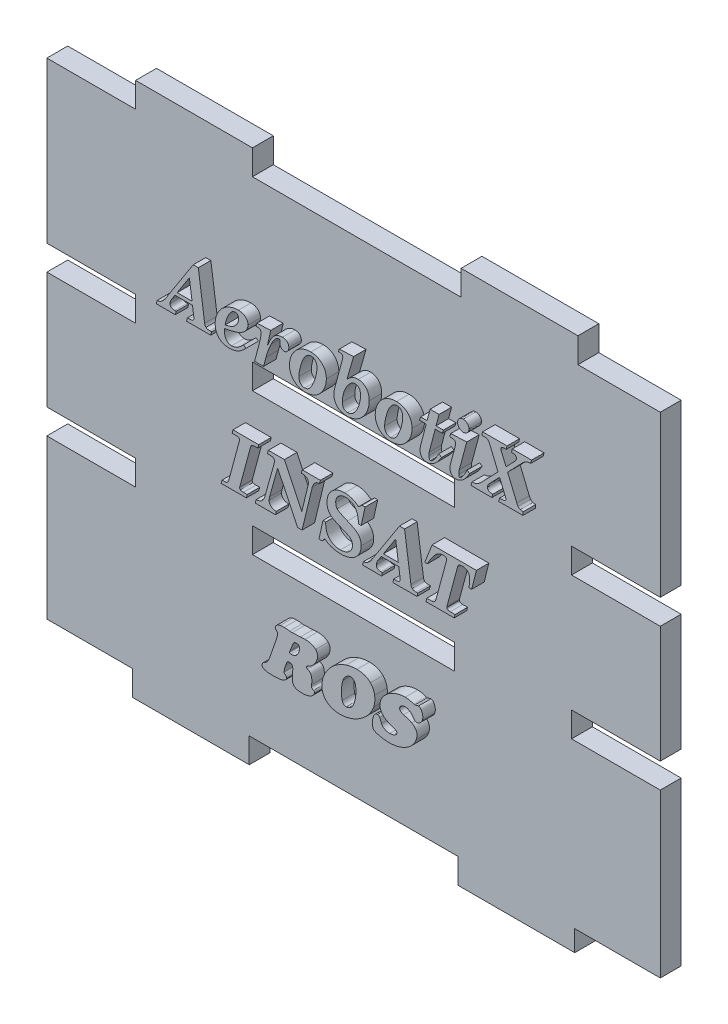
from build123d import *

# Parameters (mm, degrees)
BOSS_EXTRUDE1_DEPTH = 5
SKETCH2_W           = 46.467594828
SKETCH2_H           = 4
SKETCH2_W_2         = 20.266202586
SKETCH2_H_2         = 3.750431867
SKETCH2_W_3         = 21.036443238
SKETCH2_H_3         = 4.986905628
SKETCH2_W_4         = 19.500011691
CUT_EXTRUDE1_DEPTH  = 5
SKETCH4_W           = 21.266190895
SKETCH4_H           = 6
SKETCH4_W_2         = 50
SKETCH4_W_3         = 19.733809105
CUT_EXTRUDE2_DEPTH  = 5
BOSS_EXTRUDE2_DEPTH = 3
BOSS_EXTRUDE3_DEPTH = 3
SKETCH7_W           = 21.266202586
SKETCH7_H           = 6
SKETCH7_W_2         = 48.467594828
CUT_EXTRUDE3_DEPTH  = 5
SKETCH8_W           = 147
SKETCH8_H           = 16.683674381
CUT_EXTRUDE4_DEPTH  = 104.395814483
SKETCH9_W           = 48.467594828
SKETCH9_H           = 6
SKETCH9_W_2         = 21.266202586
SKETCH9_W_3         = 20.500011691
SKETCH9_H_2         = 5
SKETCH9_W_4         = 50
SKETCH9_W_5         = 20.536443238
SKETCH9_H_3         = 5.986905628
CUT_EXTRUDE5_DEPTH  = 104.395814483
BOSS_EXTRUDE4_DEPTH = 3


with BuildPart() as part:
    # Sketch1 → Boss-Extrude1 (new body)
    with BuildSketch(Plane.XY):
        Polygon((-24, -72.549599747), (-73.5, -72.549599747), (-73.5, 72.549599747), (73.5, 72.549599747), (73.5, -72.549599747), (24, -72.549599747), (24, -67.549599747), (-24, -67.549599747), align=None)
    extrude(amount=BOSS_EXTRUDE1_DEPTH)

    # Sketch2 → Cut-Extrude1 (cut)
    with BuildSketch(Plane.XY.offset(5)):
        with Locations((0, -25.549599747)):
            Rectangle(SKETCH2_W, SKETCH2_H)
        with Locations((63.366898707, -25.424815681)):
            Rectangle(SKETCH2_W_2, SKETCH2_H_2)
        with Locations((-63.366898707, -25.549599747)):
            Rectangle(SKETCH2_W_2, SKETCH2_H)
        with Locations((-64.481778381, -70.056146933)):
            Rectangle(SKETCH2_W_3, SKETCH2_H_3)
        with Locations((63.749994155, -70.549599747)):
            Rectangle(SKETCH2_W_4, SKETCH2_H)
    extrude(amount=-CUT_EXTRUDE1_DEPTH, mode=Mode.SUBTRACT)

    # Sketch4 → Cut-Extrude2 (cut)
    with BuildSketch(Plane.XY.offset(5)):
        with Locations((-62.866904553, 52.865925366)):
            Rectangle(SKETCH4_W, SKETCH4_H)
        with Locations((0.766190895, 52.865925366)):
            Rectangle(SKETCH4_W_2, SKETCH4_H)
        with Locations((63.633095447, 52.865925366)):
            Rectangle(SKETCH4_W_3, SKETCH4_H)
    extrude(amount=-CUT_EXTRUDE2_DEPTH, mode=Mode.SUBTRACT)

    # Sketch5 → Boss-Extrude2 (add)
    # profile 1 of 10: a face of its own
    with BuildSketch(Plane.XY.offset(5)):
        with BuildLine():
            Line((-35.419100404, 27.506307747), (-34.202898883, 27.506307747))
            Line((-34.202898883, 27.506307747), (-32.685781521, 16.728505398))
            add(Edge.make_bspline(
                [(-32.685781521, 16.728505398), (-32.673405071, 16.652554514), (-32.650233388, 16.510356238), (-32.578125911, 16.320938758), (-32.490671562, 16.161576338), (-32.405573267, 16.087116675), (-32.364804625, 16.051444758)],
                knots=[0, 0, 0, 0, 1.19913992, 2.245077621, 3.159256928, 4, 4, 4, 4], degree=3))
            add(Edge.make_bspline(
                [(-32.364804625, 16.051444758), (-32.301673643, 16.011449416), (-32.171351501, 15.928886491), (-31.944527036, 15.847941608), (-31.689727732, 15.800696005), (-31.510762979, 15.794106402), (-31.416919728, 15.790651029)],
                knots=[0, 0, 0, 0, 0.896077561, 1.849785075, 2.872497767, 4, 4, 4, 4], degree=3))
            Line((-31.416919728, 15.790651029), (-31.025729135, 15.790651029))
            Line((-31.025729135, 15.790651029), (-31.238877856, 14.988208788))
            Line((-31.238877856, 14.988208788), (-37.018969622, 14.988208788))
            Line((-37.018969622, 14.988208788), (-36.823374326, 15.790651029))
            Line((-36.823374326, 15.790651029), (-36.40209215, 15.790651029))
            add(Edge.make_bspline(
                [(-36.40209215, 15.790651029), (-36.299229308, 15.792308471), (-36.111352725, 15.79533575), (-35.85502699, 15.82256042), (-35.652166639, 15.873744224), (-35.494151088, 15.942575461), (-35.382218879, 16.041722429), (-35.304593731, 16.161255127), (-35.258638502, 16.303196111), (-35.253679416, 16.404674421), (-35.25108906, 16.457681142)],
                knots=[0, 0, 0, 0, 1.627737526, 2.973024647, 4.067005024, 4.930797178, 5.671134996, 6.397517551, 7.162950778, 8, 8, 8, 8], degree=3))
            add(Edge.make_bspline(
                [(-35.25108906, 16.457681142), (-35.251760256, 16.500400492), (-35.253188381, 16.591295926), (-35.268205865, 16.68097435), (-35.27616538, 16.728505398)],
                knots=[0, 0, 0, 0, 0.939966914, 2, 2, 2, 2], degree=3))
            Line((-35.27616538, 16.728505398), (-35.594634645, 19.000419993))
            Line((-35.594634645, 19.000419993), (-39.792410617, 19.000419993))
            Line((-39.792410617, 19.000419993), (-40.639990234, 17.686420824))
            add(Edge.make_bspline(
                [(-40.639990234, 17.686420824), (-40.693381063, 17.597372391), (-40.794816214, 17.42819275), (-40.902688809, 17.167230218), (-40.973870365, 16.918663683), (-40.983774863, 16.75484364), (-40.988551083, 16.675845126)],
                knots=[0, 0, 0, 0, 1.14988981, 2.184630764, 3.124579206, 4, 4, 4, 4], degree=3))
            add(Edge.make_bspline(
                [(-40.988551083, 16.675845126), (-40.985701949, 16.609350324), (-40.980261784, 16.482384467), (-40.92433624, 16.304226375), (-40.839397118, 16.14702955), (-40.714261072, 16.016284616), (-40.554782262, 15.910996091), (-40.357282045, 15.840151427), (-40.125180146, 15.798348865), (-39.958948628, 15.793331384), (-39.870147209, 15.790651029)],
                knots=[0, 0, 0, 0, 0.981158877, 1.87343483, 2.737388378, 3.603818457, 4.523378636, 5.541286218, 6.686547096, 8, 8, 8, 8], degree=3))
            Line((-39.870147209, 15.790651029), (-39.524093993, 15.790651029))
            Line((-39.524093993, 15.790651029), (-39.717181657, 14.988208788))
            Line((-39.717181657, 14.988208788), (-44.255995583, 14.988208788))
            Line((-44.255995583, 14.988208788), (-44.060400286, 15.790651029))
            add(Edge.make_bspline(
                [(-44.060400286, 15.790651029), (-43.968103762, 15.798341517), (-43.791031058, 15.813095868), (-43.543428183, 15.871124753), (-43.323192144, 15.952019113), (-43.198263274, 16.032446395), (-43.137591709, 16.071505814)],
                knots=[0, 0, 0, 0, 1.136170696, 2.179765923, 3.116005366, 4, 4, 4, 4], degree=3))
            add(Edge.make_bspline(
                [(-43.137591709, 16.071505814), (-43.033983293, 16.148100807), (-42.834210464, 16.295787636), (-42.570370308, 16.542430626), (-42.340349376, 16.791240346), (-42.216975106, 16.971864661), (-42.157107596, 17.059512823)],
                knots=[0, 0, 0, 0, 1.103396204, 2.127516181, 3.091375012, 4, 4, 4, 4], degree=3))
            Line((-42.157107596, 17.059512823), (-35.419100404, 27.506307747))
        make_face()
        Polygon((-36.346924245, 24.341676159), (-39.273330793, 19.802862234), (-35.707478085, 19.802862234), align=None, mode=Mode.SUBTRACT)
    # profile 2 of 10: a face of its own
    with BuildSketch(Plane.XY.offset(5)):
        with BuildLine():
            add(Edge.make_bspline(
                [(-27.886173868, 18.037489304), (-27.895707229, 17.926383304), (-27.9130369, 17.724415683), (-27.918722752, 17.521796918), (-27.921280716, 17.430642359)],
                knots=[0, 0, 0, 0, 1.10023577, 2, 2, 2, 2], degree=3))
            add(Edge.make_bspline(
                [(-27.921280716, 17.430642359), (-27.920011703, 17.347821511), (-27.917545567, 17.186871659), (-27.893492478, 16.953376865), (-27.86044463, 16.733099148), (-27.807087625, 16.528871239), (-27.742017056, 16.337992493), (-27.662187055, 16.163303464), (-27.568570931, 16.001813744), (-27.458608052, 15.858177947), (-27.337062158, 15.728448704), (-27.205382702, 15.61589213), (-27.062261371, 15.522263535), (-26.911529627, 15.443662555), (-26.749807538, 15.383097773), (-26.577928004, 15.341714605), (-26.396837959, 15.311822835), (-26.272224041, 15.310077332), (-26.208568058, 15.309185685)],
                knots=[0, 0, 0, 0, 1.289432652, 2.505818284, 3.653007062, 4.754983369, 5.788384422, 6.790393566, 7.741553273, 8.68932139, 9.601087962, 10.506231557, 11.380030586, 12.259243778, 13.149091262, 14.061601072, 15.009816144, 16, 16, 16, 16], degree=3))
            add(Edge.make_bspline(
                [(-26.208568058, 15.309185685), (-26.099648625, 15.31314729), (-25.880178298, 15.32112984), (-25.554048536, 15.383201333), (-25.231601465, 15.485753535), (-24.966002399, 15.602374875), (-24.750544116, 15.721160248), (-24.579968867, 15.833348162), (-24.398566498, 15.962847393), (-24.213092665, 16.117888552), (-24.012272282, 16.285343146), (-23.805720752, 16.476218079), (-23.589717678, 16.686691457), (-23.446362564, 16.836708432), (-23.372436263, 16.914070167)],
                knots=[0, 0, 0, 0, 1.166796897, 2.351070779, 3.543886222, 4.787299899, 5.452940811, 6.178517052, 6.974153343, 7.840205449, 8.768169163, 9.776339071, 10.853288003, 12, 12, 12, 12], degree=3))
            Line((-23.372436263, 16.914070167), (-22.785650374, 16.48024983))
            add(Edge.make_bspline(
                [(-22.785650374, 16.48024983), (-22.94874573, 16.312290363), (-23.261758152, 15.989942746), (-23.751111296, 15.564582854), (-24.239931442, 15.221109309), (-24.726848424, 14.94799455), (-25.22491629, 14.751235271), (-25.735021741, 14.610065607), (-26.26399868, 14.521537761), (-26.623655684, 14.511709502), (-26.805384475, 14.506743444)],
                knots=[0, 0, 0, 0, 1.215276831, 2.332357904, 3.360611622, 4.312459549, 5.223963669, 6.133719937, 7.056999267, 8, 8, 8, 8], degree=3))
            add(Edge.make_bspline(
                [(-26.805384475, 14.506743444), (-26.932554463, 14.509729237), (-27.180943523, 14.515561102), (-27.542811092, 14.558125007), (-27.883989731, 14.630365497), (-28.203598641, 14.734124254), (-28.504125462, 14.86339076), (-28.781386452, 15.026068638), (-29.039572202, 15.21487832), (-29.274705466, 15.433190425), (-29.485998368, 15.676882306), (-29.668851244, 15.942920011), (-29.823768156, 16.229525562), (-29.948437916, 16.537845935), (-30.049139312, 16.865593134), (-30.11938294, 17.214966584), (-30.15858673, 17.584376334), (-30.164891298, 17.837623151), (-30.16811899, 17.967275608)],
                knots=[0, 0, 0, 0, 1.117224344, 2.182168208, 3.196286246, 4.176432022, 5.130220092, 6.064899333, 6.99474726, 7.935437917, 8.877847255, 9.823114117, 10.766238647, 11.734591352, 12.740565232, 13.774750075, 14.860759149, 16, 16, 16, 16], degree=3))
            add(Edge.make_bspline(
                [(-30.16811899, 17.967275608), (-30.165528835, 18.085218808), (-30.160355692, 18.320778881), (-30.124153883, 18.671778312), (-30.066552315, 19.018537815), (-29.986436111, 19.361526803), (-29.879989634, 19.700278742), (-29.752283464, 20.036235228), (-29.601795367, 20.36849691), (-29.426181368, 20.692739334), (-29.231449107, 21.007811661), (-29.019314472, 21.308137923), (-28.789178196, 21.590745972), (-28.543733829, 21.85707465), (-28.279668372, 22.105777785), (-27.998205605, 22.337073364), (-27.699378442, 22.549791727), (-27.386430909, 22.745371132), (-27.061418477, 22.920433724), (-26.727808446, 23.073031491), (-26.389182043, 23.204637169), (-26.043582475, 23.309644156), (-25.692090915, 23.393623464), (-25.333149013, 23.449867184), (-24.968882018, 23.486488964), (-24.72413775, 23.49155255), (-24.601175944, 23.494096542)],
                knots=[0, 0, 0, 0, 0.976132897, 1.949565016, 2.917498797, 3.8841212, 4.86228702, 5.85425309, 6.857423291, 7.878939345, 8.904197228, 9.921604898, 10.920016122, 11.918786852, 12.917222047, 13.920010452, 14.931780295, 15.951162056, 16.972678109, 17.985015512, 18.985916662, 19.97730351, 20.972449275, 21.974521419, 22.982380637, 24, 24, 24, 24], degree=3))
            add(Edge.make_bspline(
                [(-24.601175944, 23.494096542), (-24.512489003, 23.493181952), (-24.339664164, 23.491399684), (-24.089165275, 23.462350487), (-23.853864092, 23.419442472), (-23.63267558, 23.364237393), (-23.427617536, 23.28448247), (-23.237549804, 23.190131903), (-23.062185389, 23.078953888), (-22.904824997, 22.95103979), (-22.764223138, 22.810216924), (-22.64094009, 22.660219774), (-22.537186324, 22.500196731), (-22.450691535, 22.331821397), (-22.386583071, 22.152687449), (-22.33763933, 21.965795808), (-22.310388335, 21.768808916), (-22.306281101, 21.634347905), (-22.304185029, 21.565727532)],
                knots=[0, 0, 0, 0, 1.259995388, 2.455361496, 3.578696781, 4.659435567, 5.689954299, 6.699574018, 7.671939146, 8.635040316, 9.576046008, 10.496497782, 11.389625257, 12.282357455, 13.180764858, 14.088552095, 15.024518193, 16, 16, 16, 16], degree=3))
            add(Edge.make_bspline(
                [(-22.304185029, 21.565727532), (-22.310927572, 21.448943712), (-22.324570465, 21.212642756), (-22.423807219, 20.8592328), (-22.583476677, 20.507382333), (-22.767131686, 20.221092944), (-22.942307023, 19.994120385), (-23.099767981, 19.828453422), (-23.275843296, 19.667706223), (-23.471205261, 19.512923309), (-23.686321433, 19.363618869), (-23.921826839, 19.222310423), (-24.175916534, 19.08376905), (-24.451596194, 18.949724127), (-24.755657245, 18.820106296), (-25.09481628, 18.699355634), (-25.468949431, 18.57794265), (-25.881113829, 18.464055279), (-26.330149251, 18.351403879), (-26.815782936, 18.241195879), (-27.338580162, 18.136252613), (-27.699655765, 18.071129473), (-27.886173868, 18.037489304)],
                knots=[0, 0, 0, 0, 0.981040538, 1.985042246, 3.063868762, 4.219941206, 4.835652052, 5.471990201, 6.1384988, 6.838682374, 7.565783226, 8.338293673, 9.146449843, 9.998160207, 10.914419236, 11.923645492, 13.023685264, 14.22061834, 15.517623204, 16.915519757, 18.406673293, 20, 20, 20, 20], degree=3))
        make_face()
        with BuildLine():
            add(Edge.make_bspline(
                [(-27.77583806, 18.839931545), (-27.651054151, 18.864760566), (-27.408744176, 18.91297447), (-27.060635672, 19.000819668), (-26.737786832, 19.097788139), (-26.442281074, 19.207906651), (-26.172953115, 19.327754231), (-25.930136583, 19.458465422), (-25.712956799, 19.60055438), (-25.584078284, 19.708028201), (-25.521476889, 19.76023249)],
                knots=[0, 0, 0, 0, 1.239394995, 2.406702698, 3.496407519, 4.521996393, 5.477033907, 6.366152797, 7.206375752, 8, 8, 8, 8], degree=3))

----------------------------------------

Task details: Copy down every line of the entries containing the word "mode".

Output of the exercise:
    extrude(amount=-CUT_EXTRUDE1_DEPTH, mode=Mode.SUBTRACT)
    extrude(amount=-CUT_EXTRUDE2_DEPTH, mode=Mode.SUBTRACT)
        Polygon((-36.346924245, 24.341676159), (-39.273330793, 19.802862234), (-35.707478085, 19.802862234), align=None, mode=Mode.SUBTRACT)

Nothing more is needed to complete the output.